▸ **WHAT YOU HAVE TO DO**
Locate the line that contains "Appearance: Anodized - Dark Gray" in the entries below, then repeat it and every following line through the line that contains "line L9 (0, 12) -> (76, 50)", exactly, and no others.

▸ **RECORDS**
▬▬▬▬▬▬

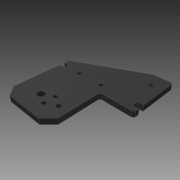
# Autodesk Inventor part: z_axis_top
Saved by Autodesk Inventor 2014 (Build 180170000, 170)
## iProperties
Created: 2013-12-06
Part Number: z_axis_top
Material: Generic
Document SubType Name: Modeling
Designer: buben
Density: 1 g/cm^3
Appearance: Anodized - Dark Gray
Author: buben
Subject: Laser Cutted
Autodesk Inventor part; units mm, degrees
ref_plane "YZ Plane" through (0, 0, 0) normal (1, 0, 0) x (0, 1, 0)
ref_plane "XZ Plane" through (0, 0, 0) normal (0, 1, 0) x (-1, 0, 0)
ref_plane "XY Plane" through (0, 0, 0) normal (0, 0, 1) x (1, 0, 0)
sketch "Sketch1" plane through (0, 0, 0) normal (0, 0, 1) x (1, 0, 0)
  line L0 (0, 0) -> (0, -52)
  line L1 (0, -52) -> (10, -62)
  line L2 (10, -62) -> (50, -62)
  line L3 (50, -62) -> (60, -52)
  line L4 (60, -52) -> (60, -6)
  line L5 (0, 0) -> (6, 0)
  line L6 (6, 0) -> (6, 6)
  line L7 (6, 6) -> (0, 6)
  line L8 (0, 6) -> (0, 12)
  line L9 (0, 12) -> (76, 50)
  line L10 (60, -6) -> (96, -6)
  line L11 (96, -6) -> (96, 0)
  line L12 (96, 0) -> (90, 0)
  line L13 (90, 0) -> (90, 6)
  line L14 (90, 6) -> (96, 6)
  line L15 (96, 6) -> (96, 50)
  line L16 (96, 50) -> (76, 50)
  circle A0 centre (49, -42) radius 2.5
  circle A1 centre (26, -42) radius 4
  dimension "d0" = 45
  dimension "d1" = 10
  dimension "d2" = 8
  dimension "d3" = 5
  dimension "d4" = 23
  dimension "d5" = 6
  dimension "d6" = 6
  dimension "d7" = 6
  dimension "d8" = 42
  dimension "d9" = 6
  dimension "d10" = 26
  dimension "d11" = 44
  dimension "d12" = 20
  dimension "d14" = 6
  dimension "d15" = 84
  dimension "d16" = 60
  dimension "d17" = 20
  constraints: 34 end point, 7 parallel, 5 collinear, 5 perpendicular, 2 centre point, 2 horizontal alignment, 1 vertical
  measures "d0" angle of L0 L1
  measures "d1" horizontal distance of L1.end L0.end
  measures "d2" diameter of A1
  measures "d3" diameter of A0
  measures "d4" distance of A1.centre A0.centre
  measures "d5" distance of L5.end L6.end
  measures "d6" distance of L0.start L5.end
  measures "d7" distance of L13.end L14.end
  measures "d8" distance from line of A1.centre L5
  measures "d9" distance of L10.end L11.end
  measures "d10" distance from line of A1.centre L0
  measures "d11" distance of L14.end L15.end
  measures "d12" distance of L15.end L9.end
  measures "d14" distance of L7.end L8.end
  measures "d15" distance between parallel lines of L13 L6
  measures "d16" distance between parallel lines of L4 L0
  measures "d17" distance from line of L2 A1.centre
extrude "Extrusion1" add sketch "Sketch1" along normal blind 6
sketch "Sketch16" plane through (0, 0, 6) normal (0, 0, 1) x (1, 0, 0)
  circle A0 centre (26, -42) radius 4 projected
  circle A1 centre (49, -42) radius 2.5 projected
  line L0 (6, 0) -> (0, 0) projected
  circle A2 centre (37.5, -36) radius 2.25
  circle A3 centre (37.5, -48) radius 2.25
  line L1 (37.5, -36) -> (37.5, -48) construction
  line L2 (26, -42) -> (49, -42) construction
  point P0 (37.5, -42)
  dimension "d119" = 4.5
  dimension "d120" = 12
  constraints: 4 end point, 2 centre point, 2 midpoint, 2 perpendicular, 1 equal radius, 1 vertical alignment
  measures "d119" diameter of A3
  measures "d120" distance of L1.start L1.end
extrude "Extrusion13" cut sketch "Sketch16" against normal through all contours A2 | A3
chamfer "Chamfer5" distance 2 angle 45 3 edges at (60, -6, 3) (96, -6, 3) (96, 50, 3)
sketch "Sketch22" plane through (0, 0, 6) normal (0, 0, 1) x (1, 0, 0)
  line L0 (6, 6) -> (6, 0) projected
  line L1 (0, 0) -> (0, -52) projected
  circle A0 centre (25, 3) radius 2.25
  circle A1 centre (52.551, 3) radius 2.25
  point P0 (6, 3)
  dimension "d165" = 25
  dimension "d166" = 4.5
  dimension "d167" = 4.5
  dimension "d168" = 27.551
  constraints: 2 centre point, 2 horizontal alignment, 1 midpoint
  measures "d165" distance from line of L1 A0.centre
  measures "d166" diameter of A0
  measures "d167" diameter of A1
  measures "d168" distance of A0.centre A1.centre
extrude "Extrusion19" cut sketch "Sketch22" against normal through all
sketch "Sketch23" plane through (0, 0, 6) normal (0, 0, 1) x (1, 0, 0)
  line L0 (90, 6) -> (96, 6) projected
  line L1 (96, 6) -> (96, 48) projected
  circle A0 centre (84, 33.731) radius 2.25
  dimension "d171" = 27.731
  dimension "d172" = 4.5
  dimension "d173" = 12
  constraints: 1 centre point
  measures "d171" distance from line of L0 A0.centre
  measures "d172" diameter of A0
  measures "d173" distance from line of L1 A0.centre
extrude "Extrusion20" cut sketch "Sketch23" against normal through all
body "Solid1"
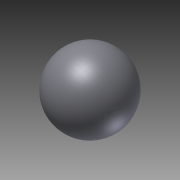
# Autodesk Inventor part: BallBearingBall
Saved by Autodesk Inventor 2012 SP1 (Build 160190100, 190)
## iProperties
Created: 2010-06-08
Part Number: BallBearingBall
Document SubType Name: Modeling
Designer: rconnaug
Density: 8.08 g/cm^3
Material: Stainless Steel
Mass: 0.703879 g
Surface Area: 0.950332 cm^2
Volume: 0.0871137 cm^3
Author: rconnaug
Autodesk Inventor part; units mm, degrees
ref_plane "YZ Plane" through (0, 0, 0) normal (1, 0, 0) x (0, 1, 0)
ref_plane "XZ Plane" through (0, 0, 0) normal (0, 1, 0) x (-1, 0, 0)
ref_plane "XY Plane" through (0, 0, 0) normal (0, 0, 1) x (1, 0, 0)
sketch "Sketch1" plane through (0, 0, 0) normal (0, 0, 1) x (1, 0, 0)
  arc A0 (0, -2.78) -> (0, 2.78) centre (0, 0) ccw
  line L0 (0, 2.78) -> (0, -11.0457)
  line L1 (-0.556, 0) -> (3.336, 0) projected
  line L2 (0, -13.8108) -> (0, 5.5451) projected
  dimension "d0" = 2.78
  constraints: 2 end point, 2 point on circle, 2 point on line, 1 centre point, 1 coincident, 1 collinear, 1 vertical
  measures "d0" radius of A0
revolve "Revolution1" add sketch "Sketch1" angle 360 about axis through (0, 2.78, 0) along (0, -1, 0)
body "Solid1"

▬▬▬▬▬▬

▸ **EXERCISE SOLUTION**
Appearance: Anodized - Dark Gray
Author: buben
Subject: Laser Cutted
Autodesk Inventor part; units mm, degrees
ref_plane "YZ Plane" through (0, 0, 0) normal (1, 0, 0) x (0, 1, 0)
ref_plane "XZ Plane" through (0, 0, 0) normal (0, 1, 0) x (-1, 0, 0)
ref_plane "XY Plane" through (0, 0, 0) normal (0, 0, 1) x (1, 0, 0)
sketch "Sketch1" plane through (0, 0, 0) normal (0, 0, 1) x (1, 0, 0)
  line L0 (0, 0) -> (0, -52)
  line L1 (0, -52) -> (10, -62)
  line L2 (10, -62) -> (50, -62)
  line L3 (50, -62) -> (60, -52)
  line L4 (60, -52) -> (60, -6)
  line L5 (0, 0) -> (6, 0)
  line L6 (6, 0) -> (6, 6)
  line L7 (6, 6) -> (0, 6)
  line L8 (0, 6) -> (0, 12)
  line L9 (0, 12) -> (76, 50)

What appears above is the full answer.